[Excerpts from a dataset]
Segment Open

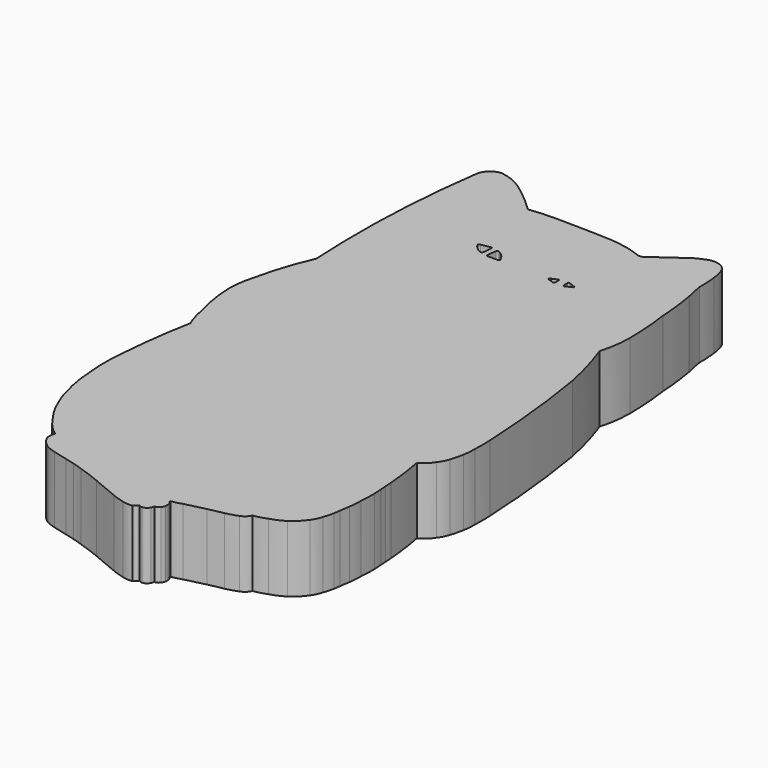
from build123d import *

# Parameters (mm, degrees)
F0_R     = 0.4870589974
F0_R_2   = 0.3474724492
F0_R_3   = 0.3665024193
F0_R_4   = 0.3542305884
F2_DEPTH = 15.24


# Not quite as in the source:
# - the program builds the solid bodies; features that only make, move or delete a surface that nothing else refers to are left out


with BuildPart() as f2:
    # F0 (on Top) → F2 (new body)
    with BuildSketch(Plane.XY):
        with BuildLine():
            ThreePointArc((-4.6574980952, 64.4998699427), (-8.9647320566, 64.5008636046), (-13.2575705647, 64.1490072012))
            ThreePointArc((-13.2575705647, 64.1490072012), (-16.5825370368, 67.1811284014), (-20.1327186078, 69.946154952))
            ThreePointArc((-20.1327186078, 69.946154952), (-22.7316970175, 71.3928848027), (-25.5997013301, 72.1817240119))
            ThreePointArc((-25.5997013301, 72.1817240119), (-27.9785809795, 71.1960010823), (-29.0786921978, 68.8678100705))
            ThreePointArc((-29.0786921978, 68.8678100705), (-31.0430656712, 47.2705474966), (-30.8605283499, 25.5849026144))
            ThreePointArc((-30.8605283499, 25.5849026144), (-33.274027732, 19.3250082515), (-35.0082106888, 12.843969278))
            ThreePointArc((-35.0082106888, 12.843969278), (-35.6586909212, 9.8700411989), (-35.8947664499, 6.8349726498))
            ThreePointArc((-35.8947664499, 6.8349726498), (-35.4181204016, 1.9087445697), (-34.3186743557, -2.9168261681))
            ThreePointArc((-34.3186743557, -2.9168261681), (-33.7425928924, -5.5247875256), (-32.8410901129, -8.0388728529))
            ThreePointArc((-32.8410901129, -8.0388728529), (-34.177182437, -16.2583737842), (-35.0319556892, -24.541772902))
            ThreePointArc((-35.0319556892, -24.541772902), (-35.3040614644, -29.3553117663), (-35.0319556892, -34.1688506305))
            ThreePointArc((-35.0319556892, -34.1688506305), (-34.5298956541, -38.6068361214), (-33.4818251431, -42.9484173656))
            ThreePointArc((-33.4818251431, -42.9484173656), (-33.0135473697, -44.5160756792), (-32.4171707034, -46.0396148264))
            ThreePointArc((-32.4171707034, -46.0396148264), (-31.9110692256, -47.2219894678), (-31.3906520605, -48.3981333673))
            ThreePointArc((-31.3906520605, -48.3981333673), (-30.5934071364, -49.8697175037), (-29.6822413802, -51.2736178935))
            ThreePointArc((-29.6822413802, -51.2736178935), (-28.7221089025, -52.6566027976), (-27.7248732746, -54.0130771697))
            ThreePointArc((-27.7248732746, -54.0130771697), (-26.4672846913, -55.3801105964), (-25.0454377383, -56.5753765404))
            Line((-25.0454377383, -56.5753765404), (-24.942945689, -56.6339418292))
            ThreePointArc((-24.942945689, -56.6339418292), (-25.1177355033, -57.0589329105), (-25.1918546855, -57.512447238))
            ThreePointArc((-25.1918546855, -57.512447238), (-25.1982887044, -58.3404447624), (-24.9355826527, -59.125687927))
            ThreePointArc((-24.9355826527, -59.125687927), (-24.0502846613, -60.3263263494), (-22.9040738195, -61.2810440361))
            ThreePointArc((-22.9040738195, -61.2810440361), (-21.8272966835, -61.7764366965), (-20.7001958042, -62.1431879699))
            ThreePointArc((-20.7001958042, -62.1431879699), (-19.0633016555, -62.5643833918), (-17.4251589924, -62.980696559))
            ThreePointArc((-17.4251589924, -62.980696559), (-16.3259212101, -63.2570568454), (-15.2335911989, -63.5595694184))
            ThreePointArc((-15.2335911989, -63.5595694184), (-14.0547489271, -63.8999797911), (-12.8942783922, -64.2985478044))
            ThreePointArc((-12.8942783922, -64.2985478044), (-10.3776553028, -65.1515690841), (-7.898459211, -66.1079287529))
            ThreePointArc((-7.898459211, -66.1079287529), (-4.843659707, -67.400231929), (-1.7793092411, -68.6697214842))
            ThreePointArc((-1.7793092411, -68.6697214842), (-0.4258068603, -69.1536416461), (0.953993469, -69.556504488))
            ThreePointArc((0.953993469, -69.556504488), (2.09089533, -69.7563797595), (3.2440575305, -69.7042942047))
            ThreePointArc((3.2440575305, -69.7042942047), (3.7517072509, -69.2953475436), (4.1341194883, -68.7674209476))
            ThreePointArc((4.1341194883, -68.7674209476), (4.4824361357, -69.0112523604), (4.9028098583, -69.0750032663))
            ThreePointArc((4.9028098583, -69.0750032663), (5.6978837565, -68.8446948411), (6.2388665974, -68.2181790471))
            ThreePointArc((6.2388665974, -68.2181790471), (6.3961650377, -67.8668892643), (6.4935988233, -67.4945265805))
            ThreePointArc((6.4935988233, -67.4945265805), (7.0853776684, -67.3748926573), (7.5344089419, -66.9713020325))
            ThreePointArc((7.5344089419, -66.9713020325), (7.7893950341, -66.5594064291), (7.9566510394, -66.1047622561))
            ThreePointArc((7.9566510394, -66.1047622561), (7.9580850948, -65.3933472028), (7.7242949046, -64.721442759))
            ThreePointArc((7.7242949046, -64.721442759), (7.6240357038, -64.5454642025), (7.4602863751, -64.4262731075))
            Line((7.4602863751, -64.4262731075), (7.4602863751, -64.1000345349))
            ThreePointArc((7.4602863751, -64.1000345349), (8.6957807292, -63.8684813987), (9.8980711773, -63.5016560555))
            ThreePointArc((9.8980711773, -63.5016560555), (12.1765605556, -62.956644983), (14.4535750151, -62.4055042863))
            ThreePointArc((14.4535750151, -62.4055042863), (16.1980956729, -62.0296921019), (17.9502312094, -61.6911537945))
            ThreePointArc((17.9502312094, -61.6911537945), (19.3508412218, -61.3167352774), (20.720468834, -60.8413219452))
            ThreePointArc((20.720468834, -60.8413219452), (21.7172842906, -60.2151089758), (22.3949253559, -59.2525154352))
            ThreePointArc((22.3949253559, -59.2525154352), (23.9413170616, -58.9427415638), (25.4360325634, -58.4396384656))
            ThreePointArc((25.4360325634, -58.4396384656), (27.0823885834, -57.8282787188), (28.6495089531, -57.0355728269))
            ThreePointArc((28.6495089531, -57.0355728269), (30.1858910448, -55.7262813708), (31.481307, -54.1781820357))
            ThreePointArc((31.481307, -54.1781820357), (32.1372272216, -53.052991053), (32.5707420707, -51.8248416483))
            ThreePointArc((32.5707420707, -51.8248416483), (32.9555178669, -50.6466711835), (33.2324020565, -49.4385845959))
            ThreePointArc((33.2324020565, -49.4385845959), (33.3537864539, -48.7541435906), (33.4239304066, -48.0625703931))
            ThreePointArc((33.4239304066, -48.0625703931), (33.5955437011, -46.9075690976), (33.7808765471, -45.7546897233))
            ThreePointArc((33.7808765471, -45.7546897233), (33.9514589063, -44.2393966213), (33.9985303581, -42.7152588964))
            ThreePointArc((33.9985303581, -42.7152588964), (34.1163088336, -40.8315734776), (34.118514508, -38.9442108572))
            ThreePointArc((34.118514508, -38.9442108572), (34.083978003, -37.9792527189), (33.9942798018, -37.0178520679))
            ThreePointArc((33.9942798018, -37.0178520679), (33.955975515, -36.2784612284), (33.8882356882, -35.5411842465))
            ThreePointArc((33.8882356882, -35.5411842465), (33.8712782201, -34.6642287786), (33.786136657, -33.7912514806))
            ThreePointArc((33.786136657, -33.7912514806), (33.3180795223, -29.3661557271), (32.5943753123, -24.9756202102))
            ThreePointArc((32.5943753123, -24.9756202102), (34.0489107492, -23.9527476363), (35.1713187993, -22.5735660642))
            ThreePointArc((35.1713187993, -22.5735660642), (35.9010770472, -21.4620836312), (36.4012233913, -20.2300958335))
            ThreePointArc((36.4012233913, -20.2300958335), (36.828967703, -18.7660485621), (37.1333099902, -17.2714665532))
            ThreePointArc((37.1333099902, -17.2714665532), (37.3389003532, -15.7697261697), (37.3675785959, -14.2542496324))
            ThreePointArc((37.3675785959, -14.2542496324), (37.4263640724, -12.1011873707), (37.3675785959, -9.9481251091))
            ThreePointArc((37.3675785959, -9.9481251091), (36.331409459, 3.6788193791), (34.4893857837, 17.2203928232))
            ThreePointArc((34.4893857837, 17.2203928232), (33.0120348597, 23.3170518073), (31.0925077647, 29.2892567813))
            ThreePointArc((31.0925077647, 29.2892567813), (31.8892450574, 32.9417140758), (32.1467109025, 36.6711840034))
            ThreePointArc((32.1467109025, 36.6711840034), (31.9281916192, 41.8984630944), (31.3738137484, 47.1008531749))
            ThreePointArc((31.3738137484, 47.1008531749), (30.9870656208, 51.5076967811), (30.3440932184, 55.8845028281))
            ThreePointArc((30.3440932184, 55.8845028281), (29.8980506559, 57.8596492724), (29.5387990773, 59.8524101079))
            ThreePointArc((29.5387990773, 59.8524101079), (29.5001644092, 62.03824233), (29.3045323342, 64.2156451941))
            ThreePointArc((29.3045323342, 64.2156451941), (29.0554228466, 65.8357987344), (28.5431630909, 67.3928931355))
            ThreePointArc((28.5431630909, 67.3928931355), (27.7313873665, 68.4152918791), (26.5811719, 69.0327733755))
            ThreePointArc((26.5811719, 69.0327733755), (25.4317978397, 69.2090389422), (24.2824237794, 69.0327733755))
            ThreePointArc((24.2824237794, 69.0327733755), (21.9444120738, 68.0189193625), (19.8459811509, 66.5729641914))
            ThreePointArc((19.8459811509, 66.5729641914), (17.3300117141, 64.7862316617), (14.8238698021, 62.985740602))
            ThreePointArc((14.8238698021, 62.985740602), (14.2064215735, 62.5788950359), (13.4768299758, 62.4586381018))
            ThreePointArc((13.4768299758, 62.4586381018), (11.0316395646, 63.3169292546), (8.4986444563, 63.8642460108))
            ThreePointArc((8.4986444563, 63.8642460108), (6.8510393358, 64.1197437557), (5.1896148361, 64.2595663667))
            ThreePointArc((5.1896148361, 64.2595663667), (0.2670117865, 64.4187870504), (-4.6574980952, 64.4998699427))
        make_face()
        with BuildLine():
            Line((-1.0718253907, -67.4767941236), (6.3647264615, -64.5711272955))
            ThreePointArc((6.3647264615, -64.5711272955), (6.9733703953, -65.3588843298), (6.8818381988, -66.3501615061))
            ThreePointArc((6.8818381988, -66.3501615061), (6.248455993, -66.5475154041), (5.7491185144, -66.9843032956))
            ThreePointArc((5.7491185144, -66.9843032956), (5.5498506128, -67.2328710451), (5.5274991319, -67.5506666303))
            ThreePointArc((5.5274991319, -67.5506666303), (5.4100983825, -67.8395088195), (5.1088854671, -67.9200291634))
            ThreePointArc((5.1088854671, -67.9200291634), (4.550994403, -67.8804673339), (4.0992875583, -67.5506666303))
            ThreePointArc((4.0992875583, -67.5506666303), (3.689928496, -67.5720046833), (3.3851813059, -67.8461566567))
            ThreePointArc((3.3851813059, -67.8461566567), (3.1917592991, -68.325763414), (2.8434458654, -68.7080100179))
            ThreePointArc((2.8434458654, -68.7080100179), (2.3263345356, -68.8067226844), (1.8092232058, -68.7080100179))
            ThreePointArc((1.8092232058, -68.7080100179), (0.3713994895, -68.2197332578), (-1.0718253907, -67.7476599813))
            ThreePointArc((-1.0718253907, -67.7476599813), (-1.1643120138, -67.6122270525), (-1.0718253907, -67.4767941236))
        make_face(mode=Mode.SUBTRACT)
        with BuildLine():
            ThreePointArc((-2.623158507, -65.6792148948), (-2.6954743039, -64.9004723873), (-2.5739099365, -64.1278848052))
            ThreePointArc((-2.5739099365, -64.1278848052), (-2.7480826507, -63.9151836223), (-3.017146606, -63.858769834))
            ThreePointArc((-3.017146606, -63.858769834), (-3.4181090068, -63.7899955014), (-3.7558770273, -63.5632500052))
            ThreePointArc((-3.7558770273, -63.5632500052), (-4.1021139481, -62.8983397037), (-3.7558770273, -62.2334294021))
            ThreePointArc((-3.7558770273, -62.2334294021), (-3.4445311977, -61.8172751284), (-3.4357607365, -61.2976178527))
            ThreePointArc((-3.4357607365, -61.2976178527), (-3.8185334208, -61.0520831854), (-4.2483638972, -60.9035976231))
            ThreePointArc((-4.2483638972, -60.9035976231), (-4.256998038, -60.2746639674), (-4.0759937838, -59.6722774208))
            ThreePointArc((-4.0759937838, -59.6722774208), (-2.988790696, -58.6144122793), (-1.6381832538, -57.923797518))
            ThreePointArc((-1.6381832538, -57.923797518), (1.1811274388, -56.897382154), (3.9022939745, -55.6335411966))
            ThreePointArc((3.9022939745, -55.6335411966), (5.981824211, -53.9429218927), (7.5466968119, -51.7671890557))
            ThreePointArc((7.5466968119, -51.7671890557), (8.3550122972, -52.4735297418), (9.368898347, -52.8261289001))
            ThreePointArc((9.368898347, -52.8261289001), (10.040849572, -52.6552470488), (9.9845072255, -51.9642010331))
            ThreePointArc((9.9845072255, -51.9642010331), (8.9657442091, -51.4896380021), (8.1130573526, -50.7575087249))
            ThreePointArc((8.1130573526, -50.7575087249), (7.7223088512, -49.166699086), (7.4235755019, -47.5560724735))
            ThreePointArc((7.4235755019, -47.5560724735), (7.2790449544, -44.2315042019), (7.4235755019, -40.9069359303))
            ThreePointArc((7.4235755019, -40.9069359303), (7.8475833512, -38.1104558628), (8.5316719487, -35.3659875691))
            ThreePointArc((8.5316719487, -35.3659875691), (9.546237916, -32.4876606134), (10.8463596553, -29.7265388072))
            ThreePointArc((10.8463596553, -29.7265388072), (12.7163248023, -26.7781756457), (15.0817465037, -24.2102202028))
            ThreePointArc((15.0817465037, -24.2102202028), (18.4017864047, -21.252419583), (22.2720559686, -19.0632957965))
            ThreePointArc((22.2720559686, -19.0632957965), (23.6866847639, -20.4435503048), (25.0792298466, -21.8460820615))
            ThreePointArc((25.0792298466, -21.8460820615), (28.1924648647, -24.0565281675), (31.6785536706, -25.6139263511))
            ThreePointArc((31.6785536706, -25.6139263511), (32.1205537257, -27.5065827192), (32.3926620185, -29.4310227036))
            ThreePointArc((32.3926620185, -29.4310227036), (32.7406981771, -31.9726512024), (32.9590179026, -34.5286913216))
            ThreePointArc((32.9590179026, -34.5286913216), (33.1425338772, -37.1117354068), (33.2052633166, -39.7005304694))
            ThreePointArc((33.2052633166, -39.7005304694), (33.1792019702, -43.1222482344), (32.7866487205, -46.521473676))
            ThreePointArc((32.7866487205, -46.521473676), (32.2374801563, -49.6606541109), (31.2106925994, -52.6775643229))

Segment Closed

__Problem details__. With the first line being the one containing "-56.897382154), (3.9022939745, -55.6335411966))" and the last line the one containing "-32.4876606134), (10.8463596553, -29.7265388072))", transcribe exactly the lines above that fall in that range.

__Result__.
            ThreePointArc((-1.6381832538, -57.923797518), (1.1811274388, -56.897382154), (3.9022939745, -55.6335411966))
            ThreePointArc((3.9022939745, -55.6335411966), (5.981824211, -53.9429218927), (7.5466968119, -51.7671890557))
            ThreePointArc((7.5466968119, -51.7671890557), (8.3550122972, -52.4735297418), (9.368898347, -52.8261289001))
            ThreePointArc((9.368898347, -52.8261289001), (10.040849572, -52.6552470488), (9.9845072255, -51.9642010331))
            ThreePointArc((9.9845072255, -51.9642010331), (8.9657442091, -51.4896380021), (8.1130573526, -50.7575087249))
            ThreePointArc((8.1130573526, -50.7575087249), (7.7223088512, -49.166699086), (7.4235755019, -47.5560724735))
            ThreePointArc((7.4235755019, -47.5560724735), (7.2790449544, -44.2315042019), (7.4235755019, -40.9069359303))
            ThreePointArc((7.4235755019, -40.9069359303), (7.8475833512, -38.1104558628), (8.5316719487, -35.3659875691))
            ThreePointArc((8.5316719487, -35.3659875691), (9.546237916, -32.4876606134), (10.8463596553, -29.7265388072))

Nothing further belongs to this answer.